Task item: Your copy should contain exactly the lines from the start of the material through the line containing "point P15 (0, 0)", and no pictures.

Dataset content:
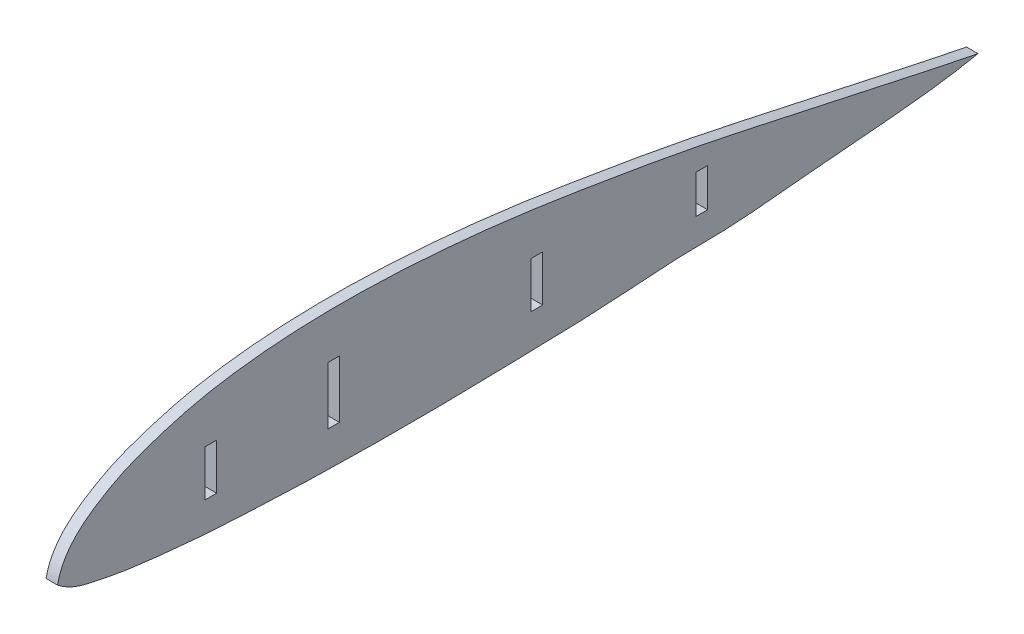
SolidWorks part; units mm, degrees
ref_plane "Спереди" through (0, 0, 0) normal (0, 0, 1) x (1, 0, 0)
ref_plane "Сверху" through (0, 0, 0) normal (0, 1, 0) x (1, 0, 0)
ref_plane "Справа" through (0, 0, 0) normal (1, 0, 0) x (0, 0, -1)
sketch "Эскиз1" plane through (0, 0, 0) normal (1, 0, 0) x (0, 0, -1)
  spline S0 degree 3 poles (-240, 0) (-238.5396, 6.886) (-231.612, 12.3378) (-222.1753, 17.4121) (-214.1119, 20.3435) (-204.1561, 23.2639) (-188.1046, 25.8933) (-168.0072, 26.9601) (-143.9456, 26.0264) (-119.9183, 23.5678) (-95.9538, 19.7588) (-71.9127, 15.562) (-48.006, 10.2206) (-23.9898, 5.1714) (-8.0375, 1.5236) (0, 0) knots 0 0 0 0 0.075346 0.102328 0.12789 0.177564 0.226025 0.321727 0.4173 0.513305 0.60992 0.706974 0.804635 0.902346 1 1 1 1
  spline S1 degree 3 poles (-240, 0) (-236.5239, -2.8866) (-230.2208, -4.0678) (-222.0286, -5.6488) (-214.0096, -6.6085) (-204.0195, -7.6506) (-188.0105, -8.621) (-168.0084, -9.355) (-143.9974, -9.5447) (-119.9964, -9.0006) (-95.9841, -8.4523) (-79.4445, -6.8615) (-63.4129, -6.9414) (-47.4215, -5.1493) (-23.952, -3.3462) (-7.916, -1.6722) (0, 0) knots 0 0 0 0 0.053475 0.078709 0.103753 0.153673 0.203448 0.302856 0.402199 0.501554 0.600955 0.70043 0.70748 0.799996 0.899716 1 1 1 1
  point P0 (-240, 0)
  point P1 (-234, 9.888)
  point P2 (-228, 14.16)
  point P3 (-222, 17.316)
  point P4 (-216, 19.608)
  point P5 (-204, 23.04)
  point P6 (-192, 25.104)
  point P7 (-168, 26.592)
  point P8 (-144, 25.776)
  point P9 (-120, 23.352)
  point P10 (-96, 19.704)
  point P11 (-72, 15.384)
  point P12 (-48, 10.272)
  point P13 (-24, 5.1)
  point P14 (-12, 2.46)
  point P15 (0, 0)
  point P16 (-234, -3.12)
  point P17 (-228, -4.5)
  point P18 (-222, -5.58)
  point P19 (-216, -6.36)
  point P20 (-204, -7.5648)
  point P21 (-192, -8.3472)
  point P22 (-168, -9.24)
  point P23 (-144, -9.4224)
  point P24 (-120, -9)
  point P25 (-96, -8.16)
  point P26 (-72, -6.9024)
  point P27 (-48, -5.34)
  point P28 (-24, -3.24)
  point P29 (-12, -1.98)
extrude "Бобышка-Вытянуть1" add sketch "Эскиз1" along normal blind 3
sketch "Эскиз2" plane through (0, 0, 0) normal (-1, 0, 0) x (0, 0, 1)
  line L0 (116.5, 0) -> (116.5, 12)
  line L2 (116.5, 12) -> (113.5, 12)
  line L7 (201.5, 0) -> (198.5, 0)
  line L8 (116.5, 0) -> (113.5, 0)
  line L9 (113.5, 12) -> (113.5, 0)
  line L10 (198.5, 0) -> (198.5, 12)
  line L11 (198.5, 12) -> (201.5, 12)
  line L12 (201.5, 12) -> (201.5, 0)
  line L13 (169.5, 0) -> (169.5, 15)
  line L14 (169.5, 15) -> (166.5, 15)
  line L15 (166.5, 0) -> (169.5, 0)
  line L16 (166.5, 15) -> (166.5, 0)
  line L17 (70.5, 0) -> (70.5, 10)
  line L18 (70.5, 0) -> (73.5, 0)
  line L19 (70.5, 10) -> (73.5, 10)
  line L20 (73.5, 10) -> (73.5, 0)
extrude "Вырез-Вытянуть1" cut sketch "Эскиз2" against normal blind 3
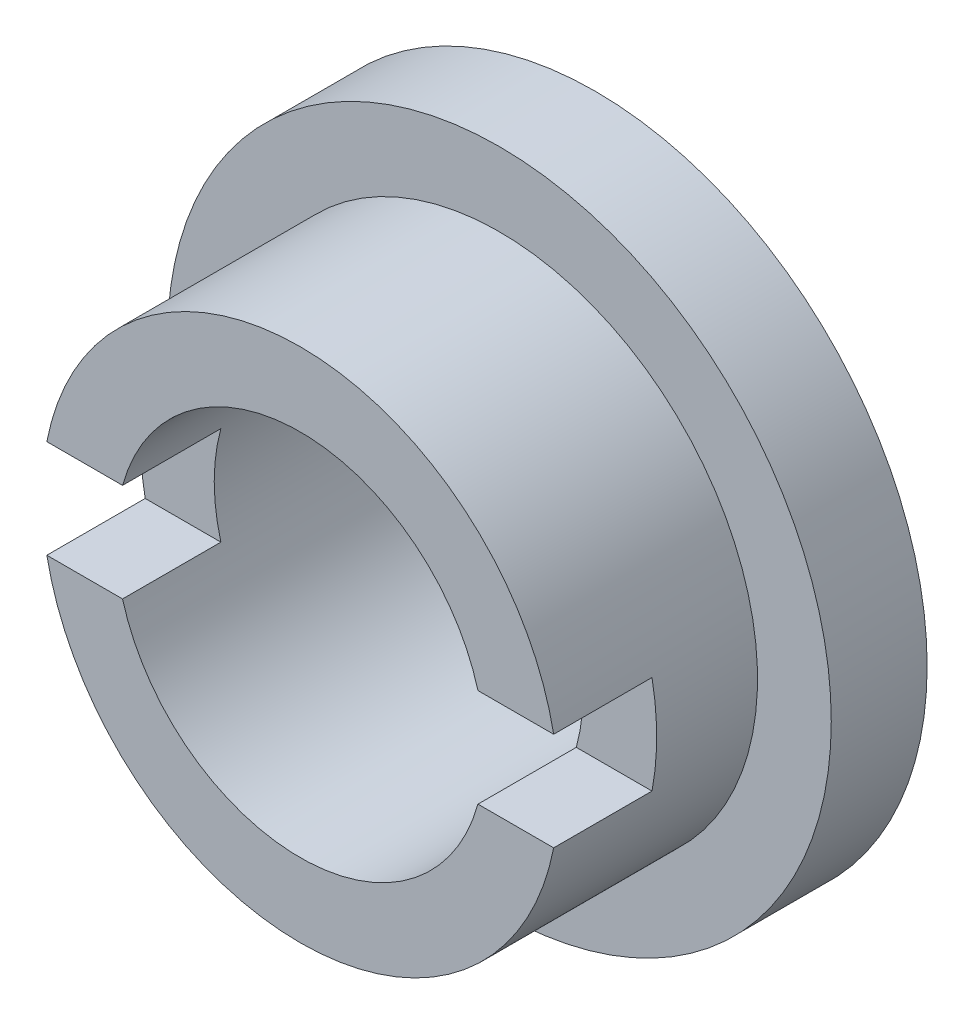
SolidWorks part; units mm, degrees
ref_plane "前视基准面" through (0, 0, 0) normal (0, 0, 1) x (1, 0, 0)
ref_plane "上视基准面" through (0, 0, 0) normal (0, 1, 0) x (1, 0, 0)
ref_plane "右视基准面" through (0, 0, 0) normal (1, 0, 0) x (0, 0, -1)
other "Configuration Table"
sketch "草图1" plane through (0, 0, 0) normal (0, 0, 1) x (1, 0, 0)
  circle A0 centre (0, 0) radius 7.5
  dimension "D1" = 15
extrude "拉伸-薄壁1" add sketch "草图1" along normal blind 12 thin
sketch "草图2" plane through (0, 0, 0) normal (0, 0, -1) x (-1, 0, 0)
  circle A0 centre (0, 0) radius 10.5
extrude "拉伸-薄壁2" add sketch "草图2" against normal blind 3.9 thin
sketch "草图3" plane through (0, 0, 12) normal (0, 0, 1) x (1, 0, 0)
  line L1 (-12.9648, 2) -> (12.9648, 2)
  line L2 (-12.9648, 2) -> (-12.9648, -2)
  line L3 (-12.9648, -2) -> (12.9648, -2)
  line L4 (12.9648, 2) -> (12.9648, -2)
  line L5 (-12.9648, 2) -> (12.9648, -2) construction
  line L6 (-12.9648, -2) -> (12.9648, 2) construction
  point P0 (0, 0)
  dimension "D1" = 4
extrude "切除-拉伸1" cut sketch "草图3" against normal blind 4
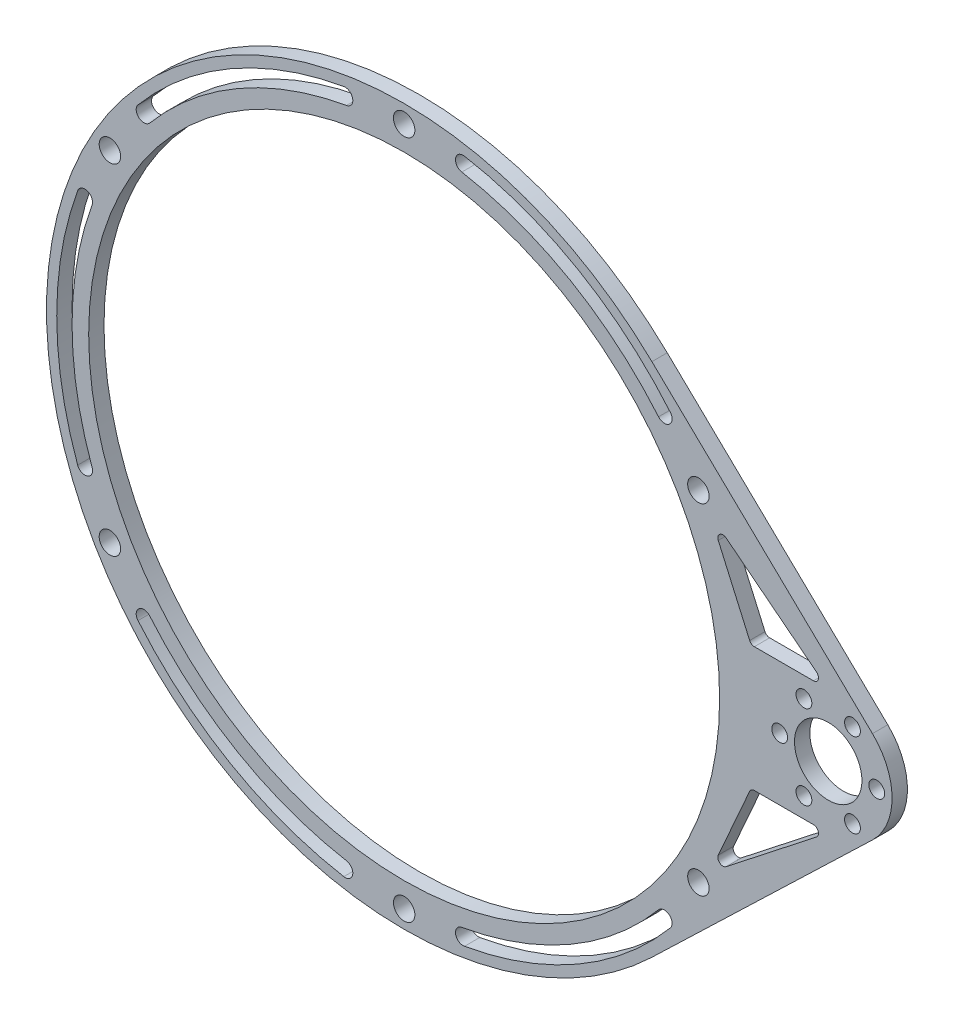
SolidWorks part; units mm, degrees
material "Hexcel AS4C (3000 丝)"
ref_plane "前视基准面" through (0, 0, 0) normal (0, 0, 1) x (1, 0, 0)
ref_plane "上视基准面" through (0, 0, 0) normal (0, 1, 0) x (1, 0, 0)
ref_plane "右视基准面" through (0, 0, 0) normal (1, 0, 0) x (0, 0, -1)
other "Configuration Table"
sketch "草图1" plane through (0, 0, 0) normal (0, 0, 1) x (1, 0, 0)
  line L0 (0, 0) -> (83, 0) construction
  line L1 (48.494, 50.481) -> (91.6596, 9.0145)
  line L2 (91.6596, -9.0145) -> (48.494, -50.481)
  circle A0 centre (0, 0) radius 66.5 construction
  circle A1 centre (0, 66.5) radius 2.1
  circle A2 centre (57.5907, 33.25) radius 2.1
  circle A3 centre (57.5907, -33.25) radius 2.1
  circle A4 centre (0, -66.5) radius 2.1
  circle A5 centre (-57.5907, -33.25) radius 2.1
  circle A6 centre (-57.5907, 33.25) radius 2.1
  circle A7 centre (0, 0) radius 61.75
  circle A8 centre (0, 0) radius 70
  circle A9 centre (83, 0) radius 9.5 construction
  circle A10 centre (92.5, 0) radius 1.55
  circle A11 centre (87.75, -8.2272) radius 1.55
  circle A12 centre (78.25, -8.2272) radius 1.55
  circle A13 centre (83, 0) radius 12.5
  circle A14 centre (83, 0) radius 6.6
  circle A15 centre (73.5, 0) radius 1.55
  circle A16 centre (78.25, 8.2272) radius 1.55
  circle A17 centre (87.75, 8.2272) radius 1.55
  point P18 (0, 0)
  point P29 (83, 0)
  dimension "D1" = 133
  dimension "D2" = 4.2
  dimension "D4" = 123.5
  dimension "D5" = 140
  dimension "D7" = 19
  dimension "D9" = 3.1
  dimension "D10" = 25
  dimension "D11" = 13.2
  dimension "D6" = 83
  dimension "D3" = 6
  dimension "D8" = 6
extrude "凸台-拉伸1" add sketch "草图1" along normal blind 3 contours A8 A1 A2 A3 A4 A5 A6 A7 | A13 L1 A8 L2 | A13 A10 A11 A12
sketch "草图2" plane through (0, 0, 3) normal (0, 0, 1) x (1, 0, 0)
  line L0 (0, 0) -> (83, 0) construction
  line L1 (59.8592, 30.3389) -> (67.8899, 12.1895)
  line L2 (67.8899, 12.1895) -> (83, 12.1895)
  line L3 (83, 12.1895) -> (59.8592, 30.3389)
  line L4 (67.8899, -12.1895) -> (83, -12.1895)
  line L5 (59.8592, -30.3389) -> (67.8899, -12.1895)
  line L6 (83, -12.1895) -> (59.8592, -30.3389)
extrude "切除-拉伸1" cut sketch "草图2" against normal through all
fillet "圆角1" radius 1 6 edges at (83, -12.1895, 1.5) (59.8592, -30.3389, 1.5) (67.8899, -12.1895, 1.5) (67.8899, 12.1895, 1.5) (83, 12.1895, 1.5) (59.8592, 30.3389, 1.5)
sketch "草图3" plane through (0, 0, 3) normal (0, 0, 1) x (1, 0, 0)
  line L0 (0, 0) -> (33.25, 57.5907) construction
  line L1 (0, 0) -> (35.8352, 0) construction
  circle A0 centre (0, 0) radius 66.5 construction
  arc A1 (11.5476, 65.4897) -> (50.942, 42.7454) centre (0, 0) cw construction
  arc A2 (52.091, 43.7096) -> (11.8081, 66.9669) centre (0, 0) ccw
  arc A3 (49.7929, 41.7812) -> (11.2871, 64.0125) centre (0, 0) ccw
  arc A4 (49.7929, 41.7812) -> (52.091, 43.7096) centre (50.942, 42.7454) ccw
  arc A5 (11.8081, 66.9669) -> (11.2871, 64.0125) centre (11.5476, 65.4897) ccw
  arc A10 (62.4896, 22.7443) -> (62.4896, -22.7443) centre (0, 0) cw construction
  arc A11 (11.2871, -64.0125) -> (49.7929, -41.7812) centre (0, 0) ccw
  arc A12 (11.2871, -64.0125) -> (11.8081, -66.9669) centre (11.5476, -65.4897) ccw
  arc A13 (52.091, -43.7096) -> (49.7929, -41.7812) centre (50.942, -42.7454) ccw
  arc A14 (11.8081, -66.9669) -> (52.091, -43.7096) centre (0, 0) ccw
  arc A15 (50.942, -42.7454) -> (11.5476, -65.4897) centre (0, 0) cw construction
  arc A16 (-49.7929, -41.7812) -> (-11.2871, -64.0125) centre (0, 0) ccw
  arc A17 (-49.7929, -41.7812) -> (-52.091, -43.7096) centre (-50.942, -42.7454) ccw
  arc A18 (-11.8081, -66.9669) -> (-11.2871, -64.0125) centre (-11.5476, -65.4897) ccw
  arc A19 (-52.091, -43.7096) -> (-11.8081, -66.9669) centre (0, 0) ccw
  arc A20 (-11.5476, -65.4897) -> (-50.942, -42.7454) centre (0, 0) cw construction
  arc A21 (-61.08, 22.2313) -> (-61.08, -22.2313) centre (0, 0) ccw
  arc A22 (-61.08, 22.2313) -> (-63.8991, 23.2574) centre (-62.4896, 22.7443) ccw
  arc A23 (-63.8991, -23.2574) -> (-61.08, -22.2313) centre (-62.4896, -22.7443) ccw
  arc A24 (-63.8991, 23.2574) -> (-63.8991, -23.2574) centre (0, 0) ccw
  arc A25 (-62.4896, -22.7443) -> (-62.4896, 22.7443) centre (0, 0) cw construction
  arc A26 (-11.2871, 64.0125) -> (-49.7929, 41.7812) centre (0, 0) ccw
  arc A27 (-11.2871, 64.0125) -> (-11.8081, 66.9669) centre (-11.5476, 65.4897) ccw
  arc A28 (-52.091, 43.7096) -> (-49.7929, 41.7812) centre (-50.942, 42.7454) ccw
  arc A29 (-11.8081, 66.9669) -> (-52.091, 43.7096) centre (0, 0) ccw
  arc A30 (-50.942, 42.7454) -> (-11.5476, 65.4897) centre (0, 0) cw construction
  arc A31 (61.08, -22.2313) -> (61.08, 22.2313) centre (0, 0) ccw [skipped]
  arc A32 (61.08, -22.2313) -> (63.8991, -23.2574) centre (62.4896, -22.7443) ccw [skipped]
  arc A33 (63.8991, 23.2574) -> (61.08, 22.2313) centre (62.4896, 22.7443) ccw [skipped]
  arc A34 (63.8991, -23.2574) -> (63.8991, 23.2574) centre (0, 0) ccw [skipped]
  point P7 (33.25, 57.5907)
  point P19 (66.5, 0)
  point P26 (33.25, -57.5907)
  point P33 (-33.25, -57.5907)
  point P40 (-66.5, 0)
  point P47 (-33.25, 57.5907)
  point P52 (0, 0)
  dimension "D1" = 1.5
  dimension "D2" = 40
  dimension "D3" = 60
  dimension "D4" = 6
extrude "切除-拉伸2" cut sketch "草图3" against normal through all

Exercise response:
SolidWorks part; units mm, degrees
ref_plane "Спереди" through (0, 0, 0) normal (0, 0, 1) x (1, 0, 0)
ref_plane "Сверху" through (0, 0, 0) normal (0, 1, 0) x (1, 0, 0)
ref_plane "Справа" through (0, 0, 0) normal (1, 0, 0) x (0, 0, -1)
sketch "Эскиз1" plane through (0, 0, 0) normal (1, 0, 0) x (0, 0, -1)
  spline S0 degree 3 poles (-240, 0) (-238.5396, 6.886) (-231.612, 12.3378) (-222.1753, 17.4121) (-214.1119, 20.3435) (-204.1561, 23.2639) (-188.1046, 25.8933) (-168.0072, 26.9601) (-143.9456, 26.0264) (-119.9183, 23.5678) (-95.9538, 19.7588) (-71.9127, 15.562) (-48.006, 10.2206) (-23.9898, 5.1714) (-8.0375, 1.5236) (0, 0) knots 0 0 0 0 0.075346 0.102328 0.12789 0.177564 0.226025 0.321727 0.4173 0.513305 0.60992 0.706974 0.804635 0.902346 1 1 1 1
  spline S1 degree 3 poles (-240, 0) (-236.5239, -2.8866) (-230.2208, -4.0678) (-222.0286, -5.6488) (-214.0096, -6.6085) (-204.0195, -7.6506) (-188.0105, -8.621) (-168.0084, -9.355) (-143.9974, -9.5447) (-119.9964, -9.0006) (-95.9841, -8.4523) (-79.4445, -6.8615) (-63.4129, -6.9414) (-47.4215, -5.1493) (-23.952, -3.3462) (-7.916, -1.6722) (0, 0) knots 0 0 0 0 0.053475 0.078709 0.103753 0.153673 0.203448 0.302856 0.402199 0.501554 0.600955 0.70043 0.70748 0.799996 0.899716 1 1 1 1
  point P0 (-240, 0)
  point P1 (-234, 9.888)
  point P2 (-228, 14.16)
  point P3 (-222, 17.316)
  point P4 (-216, 19.608)
  point P5 (-204, 23.04)
  point P6 (-192, 25.104)
  point P7 (-168, 26.592)
  point P8 (-144, 25.776)
  point P9 (-120, 23.352)
  point P10 (-96, 19.704)
  point P11 (-72, 15.384)
  point P12 (-48, 10.272)
  point P13 (-24, 5.1)
  point P14 (-12, 2.46)
  point P15 (0, 0)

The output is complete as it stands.